By analyzing existing cross correlation between Fidelity Quality Factor and Fidelity Momentum Factor, you can compare the effects of market volatilities on Fidelity Quality and Fidelity Momentum and check how they will diversify away market risk if combined in the same portfolio for a given time horizon. You can also utilize pair trading strategies of matching a long position in Fidelity Quality with a short position of Fidelity Momentum. Check out your portfolio center. Please also check ongoing floating volatility patterns of Fidelity Quality and Fidelity Momentum.

Diversification Opportunities for Fidelity Quality and Fidelity Momentum

0.98
  Correlation Coefficient

Almost no diversification

The 3 months correlation between Fidelity and Fidelity is 0.98. Overlapping area represents the amount of risk that can be diversified away by holding Fidelity Quality Factor and Fidelity Momentum Factor in the same portfolio, assuming nothing else is changed. The correlation between historical prices or returns on Fidelity Momentum Factor and Fidelity Quality is a relative statistical measure of the degree to which these equity instruments tend to move together. The correlation coefficient measures the extent to which returns on Fidelity Quality Factor are associated (or correlated) with Fidelity Momentum. Values of the correlation coefficient range from -1 to +1, where. The correlation of zero (0) is possible when the price movement of Fidelity Momentum Factor has no effect on the direction of Fidelity Quality i.e., Fidelity Quality and Fidelity Momentum go up and down completely randomly.

Pair Corralation between Fidelity Quality and Fidelity Momentum

Given the investment horizon of 90 days Fidelity Quality is expected to generate 1.77 times less return on investment than Fidelity Momentum. But when comparing it to its historical volatility, Fidelity Quality Factor is 1.35 times less risky than Fidelity Momentum. It trades about 0.17 of its potential returns per unit of risk.

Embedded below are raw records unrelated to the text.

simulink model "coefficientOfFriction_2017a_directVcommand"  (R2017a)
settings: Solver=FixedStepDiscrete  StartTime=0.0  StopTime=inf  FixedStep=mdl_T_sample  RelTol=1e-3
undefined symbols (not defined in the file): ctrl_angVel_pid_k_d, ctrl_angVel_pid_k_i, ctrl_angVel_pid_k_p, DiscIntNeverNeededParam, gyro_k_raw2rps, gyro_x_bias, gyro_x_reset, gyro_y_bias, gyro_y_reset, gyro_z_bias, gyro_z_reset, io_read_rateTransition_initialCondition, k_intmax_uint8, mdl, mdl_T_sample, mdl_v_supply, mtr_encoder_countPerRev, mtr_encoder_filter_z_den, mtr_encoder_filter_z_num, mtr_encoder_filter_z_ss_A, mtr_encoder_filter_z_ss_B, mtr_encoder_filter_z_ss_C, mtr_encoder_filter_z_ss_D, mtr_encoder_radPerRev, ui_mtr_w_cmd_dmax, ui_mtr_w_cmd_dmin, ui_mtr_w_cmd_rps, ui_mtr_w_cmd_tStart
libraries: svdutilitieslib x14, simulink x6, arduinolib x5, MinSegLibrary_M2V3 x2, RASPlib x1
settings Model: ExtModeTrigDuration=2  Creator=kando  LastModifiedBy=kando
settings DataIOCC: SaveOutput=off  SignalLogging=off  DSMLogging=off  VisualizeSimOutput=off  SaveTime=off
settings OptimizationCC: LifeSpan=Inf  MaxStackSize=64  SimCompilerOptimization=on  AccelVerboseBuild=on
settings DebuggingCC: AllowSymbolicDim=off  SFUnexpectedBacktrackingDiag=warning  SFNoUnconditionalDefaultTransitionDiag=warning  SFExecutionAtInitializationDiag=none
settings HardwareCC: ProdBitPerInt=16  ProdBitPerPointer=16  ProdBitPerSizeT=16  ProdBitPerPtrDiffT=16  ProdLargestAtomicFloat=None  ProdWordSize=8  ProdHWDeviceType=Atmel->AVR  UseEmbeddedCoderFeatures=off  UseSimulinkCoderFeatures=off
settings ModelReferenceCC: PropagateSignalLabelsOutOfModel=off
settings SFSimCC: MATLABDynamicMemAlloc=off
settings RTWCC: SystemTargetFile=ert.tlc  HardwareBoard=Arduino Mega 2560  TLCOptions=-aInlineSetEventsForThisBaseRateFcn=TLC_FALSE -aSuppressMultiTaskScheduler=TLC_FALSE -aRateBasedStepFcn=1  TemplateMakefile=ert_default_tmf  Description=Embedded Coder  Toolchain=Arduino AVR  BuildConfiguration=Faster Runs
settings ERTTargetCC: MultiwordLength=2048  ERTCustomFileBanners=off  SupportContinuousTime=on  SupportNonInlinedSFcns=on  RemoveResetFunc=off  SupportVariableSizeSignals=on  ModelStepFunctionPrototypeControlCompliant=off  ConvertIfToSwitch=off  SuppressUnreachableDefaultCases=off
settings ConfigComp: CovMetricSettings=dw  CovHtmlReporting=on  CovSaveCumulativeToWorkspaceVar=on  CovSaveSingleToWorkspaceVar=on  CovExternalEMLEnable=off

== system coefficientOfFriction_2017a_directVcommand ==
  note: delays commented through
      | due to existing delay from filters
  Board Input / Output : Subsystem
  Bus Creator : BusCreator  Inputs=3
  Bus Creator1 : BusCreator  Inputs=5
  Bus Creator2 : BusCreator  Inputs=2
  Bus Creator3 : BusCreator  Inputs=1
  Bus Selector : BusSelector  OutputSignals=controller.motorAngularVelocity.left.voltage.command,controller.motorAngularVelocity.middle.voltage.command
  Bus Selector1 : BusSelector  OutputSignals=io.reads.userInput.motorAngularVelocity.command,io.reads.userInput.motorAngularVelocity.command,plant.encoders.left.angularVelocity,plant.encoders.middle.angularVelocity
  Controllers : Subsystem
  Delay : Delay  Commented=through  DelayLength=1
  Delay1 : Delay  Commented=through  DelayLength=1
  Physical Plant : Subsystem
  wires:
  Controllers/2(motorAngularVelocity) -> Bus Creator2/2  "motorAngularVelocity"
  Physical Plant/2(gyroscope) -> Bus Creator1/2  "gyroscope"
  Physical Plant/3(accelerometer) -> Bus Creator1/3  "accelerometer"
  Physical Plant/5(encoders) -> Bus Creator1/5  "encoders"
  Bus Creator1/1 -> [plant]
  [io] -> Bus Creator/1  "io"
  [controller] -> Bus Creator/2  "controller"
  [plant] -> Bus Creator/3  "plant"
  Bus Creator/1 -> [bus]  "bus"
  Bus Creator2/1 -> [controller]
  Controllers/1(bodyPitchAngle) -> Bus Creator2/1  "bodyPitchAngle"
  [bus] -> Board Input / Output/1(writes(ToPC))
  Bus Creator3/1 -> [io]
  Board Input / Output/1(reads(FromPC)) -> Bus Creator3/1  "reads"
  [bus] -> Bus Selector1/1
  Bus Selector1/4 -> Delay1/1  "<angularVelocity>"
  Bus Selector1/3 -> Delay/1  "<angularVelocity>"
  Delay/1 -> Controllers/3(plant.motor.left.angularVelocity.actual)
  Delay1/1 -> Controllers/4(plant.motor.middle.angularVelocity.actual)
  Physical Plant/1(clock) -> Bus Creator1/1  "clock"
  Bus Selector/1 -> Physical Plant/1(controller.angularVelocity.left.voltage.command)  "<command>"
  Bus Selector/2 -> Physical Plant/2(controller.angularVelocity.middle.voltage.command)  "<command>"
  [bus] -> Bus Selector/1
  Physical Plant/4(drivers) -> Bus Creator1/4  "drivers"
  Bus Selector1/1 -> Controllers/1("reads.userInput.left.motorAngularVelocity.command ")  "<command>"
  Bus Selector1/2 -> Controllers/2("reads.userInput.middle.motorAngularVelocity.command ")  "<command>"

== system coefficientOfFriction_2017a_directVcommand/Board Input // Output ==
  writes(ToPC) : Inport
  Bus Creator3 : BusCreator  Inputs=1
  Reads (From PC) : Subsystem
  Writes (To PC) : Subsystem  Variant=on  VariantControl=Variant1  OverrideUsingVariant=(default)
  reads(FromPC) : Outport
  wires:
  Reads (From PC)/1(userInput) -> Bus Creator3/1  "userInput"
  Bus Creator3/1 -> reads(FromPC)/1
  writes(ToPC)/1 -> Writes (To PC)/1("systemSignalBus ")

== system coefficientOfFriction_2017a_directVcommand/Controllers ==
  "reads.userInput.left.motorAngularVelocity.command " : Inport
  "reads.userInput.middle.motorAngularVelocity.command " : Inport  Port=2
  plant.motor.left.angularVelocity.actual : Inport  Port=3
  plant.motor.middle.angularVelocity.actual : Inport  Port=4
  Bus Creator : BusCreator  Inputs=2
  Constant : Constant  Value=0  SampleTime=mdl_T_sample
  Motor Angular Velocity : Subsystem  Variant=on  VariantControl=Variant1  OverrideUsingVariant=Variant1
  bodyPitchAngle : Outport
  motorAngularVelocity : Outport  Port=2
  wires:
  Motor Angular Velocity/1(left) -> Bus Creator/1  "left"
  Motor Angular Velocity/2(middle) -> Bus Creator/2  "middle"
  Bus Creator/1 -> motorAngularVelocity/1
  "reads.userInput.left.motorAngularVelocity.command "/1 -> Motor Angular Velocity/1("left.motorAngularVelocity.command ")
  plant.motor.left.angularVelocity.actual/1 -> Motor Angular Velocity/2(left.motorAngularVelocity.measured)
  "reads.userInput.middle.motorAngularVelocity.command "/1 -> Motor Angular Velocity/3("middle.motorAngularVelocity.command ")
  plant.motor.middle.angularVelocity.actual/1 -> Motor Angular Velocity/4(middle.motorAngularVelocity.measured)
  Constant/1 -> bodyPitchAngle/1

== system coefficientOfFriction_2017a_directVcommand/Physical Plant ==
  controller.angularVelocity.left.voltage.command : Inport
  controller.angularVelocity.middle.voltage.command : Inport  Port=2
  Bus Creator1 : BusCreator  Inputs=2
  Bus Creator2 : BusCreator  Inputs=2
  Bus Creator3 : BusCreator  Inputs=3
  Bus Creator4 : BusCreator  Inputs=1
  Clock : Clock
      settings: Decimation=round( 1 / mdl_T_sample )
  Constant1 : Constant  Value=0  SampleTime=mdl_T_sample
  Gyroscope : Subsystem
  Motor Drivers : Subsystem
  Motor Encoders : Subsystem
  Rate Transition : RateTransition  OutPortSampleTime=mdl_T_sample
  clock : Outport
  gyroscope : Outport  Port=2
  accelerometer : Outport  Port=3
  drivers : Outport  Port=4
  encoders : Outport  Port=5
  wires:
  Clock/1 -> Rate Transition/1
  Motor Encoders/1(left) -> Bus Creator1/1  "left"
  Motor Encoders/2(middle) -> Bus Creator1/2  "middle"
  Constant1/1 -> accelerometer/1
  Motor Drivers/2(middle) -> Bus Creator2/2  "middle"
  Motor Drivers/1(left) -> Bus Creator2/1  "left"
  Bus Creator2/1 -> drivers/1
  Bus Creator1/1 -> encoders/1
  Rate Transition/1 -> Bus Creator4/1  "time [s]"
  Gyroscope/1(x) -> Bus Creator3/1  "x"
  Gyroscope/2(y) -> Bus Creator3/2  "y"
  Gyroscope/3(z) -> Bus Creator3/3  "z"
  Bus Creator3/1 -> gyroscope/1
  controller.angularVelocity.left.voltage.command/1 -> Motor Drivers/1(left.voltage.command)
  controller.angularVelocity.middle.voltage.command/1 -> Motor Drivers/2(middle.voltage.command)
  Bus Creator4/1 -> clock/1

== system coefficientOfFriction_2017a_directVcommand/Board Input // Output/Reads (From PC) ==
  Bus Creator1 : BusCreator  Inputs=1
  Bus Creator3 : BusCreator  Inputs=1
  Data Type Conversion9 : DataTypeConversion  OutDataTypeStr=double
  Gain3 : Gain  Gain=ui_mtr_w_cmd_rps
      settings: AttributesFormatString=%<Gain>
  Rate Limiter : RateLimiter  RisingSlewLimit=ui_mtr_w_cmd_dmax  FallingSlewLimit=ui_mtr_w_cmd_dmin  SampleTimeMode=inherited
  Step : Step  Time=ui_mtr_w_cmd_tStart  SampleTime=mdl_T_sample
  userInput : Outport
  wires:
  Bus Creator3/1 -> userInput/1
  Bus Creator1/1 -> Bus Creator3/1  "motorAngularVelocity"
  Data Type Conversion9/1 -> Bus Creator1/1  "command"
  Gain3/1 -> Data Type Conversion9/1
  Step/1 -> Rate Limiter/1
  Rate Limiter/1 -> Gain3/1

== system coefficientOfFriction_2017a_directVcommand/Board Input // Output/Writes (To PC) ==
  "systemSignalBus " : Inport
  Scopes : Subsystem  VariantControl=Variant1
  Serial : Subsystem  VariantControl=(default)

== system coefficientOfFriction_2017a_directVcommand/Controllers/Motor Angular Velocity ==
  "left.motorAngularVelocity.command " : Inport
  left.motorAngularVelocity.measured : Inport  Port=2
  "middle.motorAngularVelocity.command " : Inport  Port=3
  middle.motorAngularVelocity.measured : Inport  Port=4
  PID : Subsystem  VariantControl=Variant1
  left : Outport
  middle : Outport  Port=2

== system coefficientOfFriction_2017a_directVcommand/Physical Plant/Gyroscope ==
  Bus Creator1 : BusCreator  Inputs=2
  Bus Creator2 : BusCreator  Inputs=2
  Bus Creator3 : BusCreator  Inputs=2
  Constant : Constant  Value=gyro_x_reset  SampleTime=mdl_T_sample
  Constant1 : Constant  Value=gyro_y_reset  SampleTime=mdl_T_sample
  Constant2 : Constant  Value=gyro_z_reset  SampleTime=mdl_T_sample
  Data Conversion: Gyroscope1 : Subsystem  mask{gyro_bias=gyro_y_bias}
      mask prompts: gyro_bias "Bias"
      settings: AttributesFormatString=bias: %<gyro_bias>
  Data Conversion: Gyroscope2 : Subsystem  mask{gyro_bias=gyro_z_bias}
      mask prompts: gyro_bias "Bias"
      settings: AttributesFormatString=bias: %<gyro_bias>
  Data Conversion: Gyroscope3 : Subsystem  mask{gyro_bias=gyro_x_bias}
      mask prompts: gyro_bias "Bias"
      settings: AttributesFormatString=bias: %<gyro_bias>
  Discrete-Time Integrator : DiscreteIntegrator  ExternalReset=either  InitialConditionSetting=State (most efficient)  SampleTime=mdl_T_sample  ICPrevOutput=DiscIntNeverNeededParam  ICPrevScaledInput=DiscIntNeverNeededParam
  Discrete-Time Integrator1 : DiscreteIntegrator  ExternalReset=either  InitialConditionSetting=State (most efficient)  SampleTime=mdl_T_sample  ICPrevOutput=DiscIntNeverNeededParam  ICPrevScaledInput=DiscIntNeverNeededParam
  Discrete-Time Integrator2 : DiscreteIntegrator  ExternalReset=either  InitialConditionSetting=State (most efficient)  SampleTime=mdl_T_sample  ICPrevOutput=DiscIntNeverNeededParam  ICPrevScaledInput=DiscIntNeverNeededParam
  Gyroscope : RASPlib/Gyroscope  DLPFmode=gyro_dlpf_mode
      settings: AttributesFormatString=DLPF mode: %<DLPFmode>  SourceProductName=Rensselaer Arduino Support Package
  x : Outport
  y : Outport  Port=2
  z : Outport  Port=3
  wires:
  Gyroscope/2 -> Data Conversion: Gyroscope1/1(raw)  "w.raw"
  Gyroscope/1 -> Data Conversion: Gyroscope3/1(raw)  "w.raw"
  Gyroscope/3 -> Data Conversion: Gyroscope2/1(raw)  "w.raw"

Fidelity Momentum Factor is currently generating about 0.22 of returns per unit of risk over similar time horizon. If you would invest  6,597  in Fidelity Momentum Factor on August 28, 2024 and sell it today you would earn a total of  591.00  from holding Fidelity Momentum Factor or generate 8.96% return on investment over 90 days.
Time Period3 Months [change]
DirectionMoves Together 
StrengthVery Strong
Accuracy100.0%
ValuesDaily Returns

Fidelity Quality Factor  vs.  Fidelity Momentum Factor

 Performance 
       Timeline  
Fidelity Quality Factor 

Risk-Adjusted Performance

11 of 100

 
Weak
 
Strong
Good
Compared to the overall equity markets, risk-adjusted returns on investments in Fidelity Quality Factor are ranked lower than 11 (%) of all global equities and portfolios over the last 90 days. Despite quite weak basic indicators, Fidelity Quality may actually be approaching a critical reversion point that can send shares even higher in December 2024.
Fidelity Momentum Factor 

Risk-Adjusted Performance

14 of 100

 
Weak
 
Strong
Good
Compared to the overall equity markets, risk-adjusted returns on investments in Fidelity Momentum Factor are ranked lower than 14 (%) of all global equities and portfolios over the last 90 days. In spite of very fragile primary indicators, Fidelity Momentum may actually be approaching a critical reversion point that can send shares even higher in December 2024.

Fidelity Quality and Fidelity Momentum Volatility Contrast

   Predicted Return Density   
       Returns  

Pair Trading with Fidelity Quality and Fidelity Momentum

The main advantage of trading using opposite Fidelity Quality and Fidelity Momentum positions is that it hedges away some unsystematic risk. Because of two separate transactions, even if Fidelity Quality position performs unexpectedly, Fidelity Momentum can make up some of the losses. Pair trading also minimizes risk from directional movements in the market. For example, if an entire industry or sector drops because of unexpected headlines, the short position in Fidelity Momentum will offset losses from the drop in Fidelity Momentum's long position.
The idea behind Fidelity Quality Factor and Fidelity Momentum Factor pairs trading is to make the combined position market-neutral, meaning the overall market's direction will not affect its win or loss (or potential downside or upside). This can be achieved by designing a pairs trade with two highly correlated stocks or equities that operate in a similar space or sector, making it possible to obtain profits through simple and relatively low-risk investment.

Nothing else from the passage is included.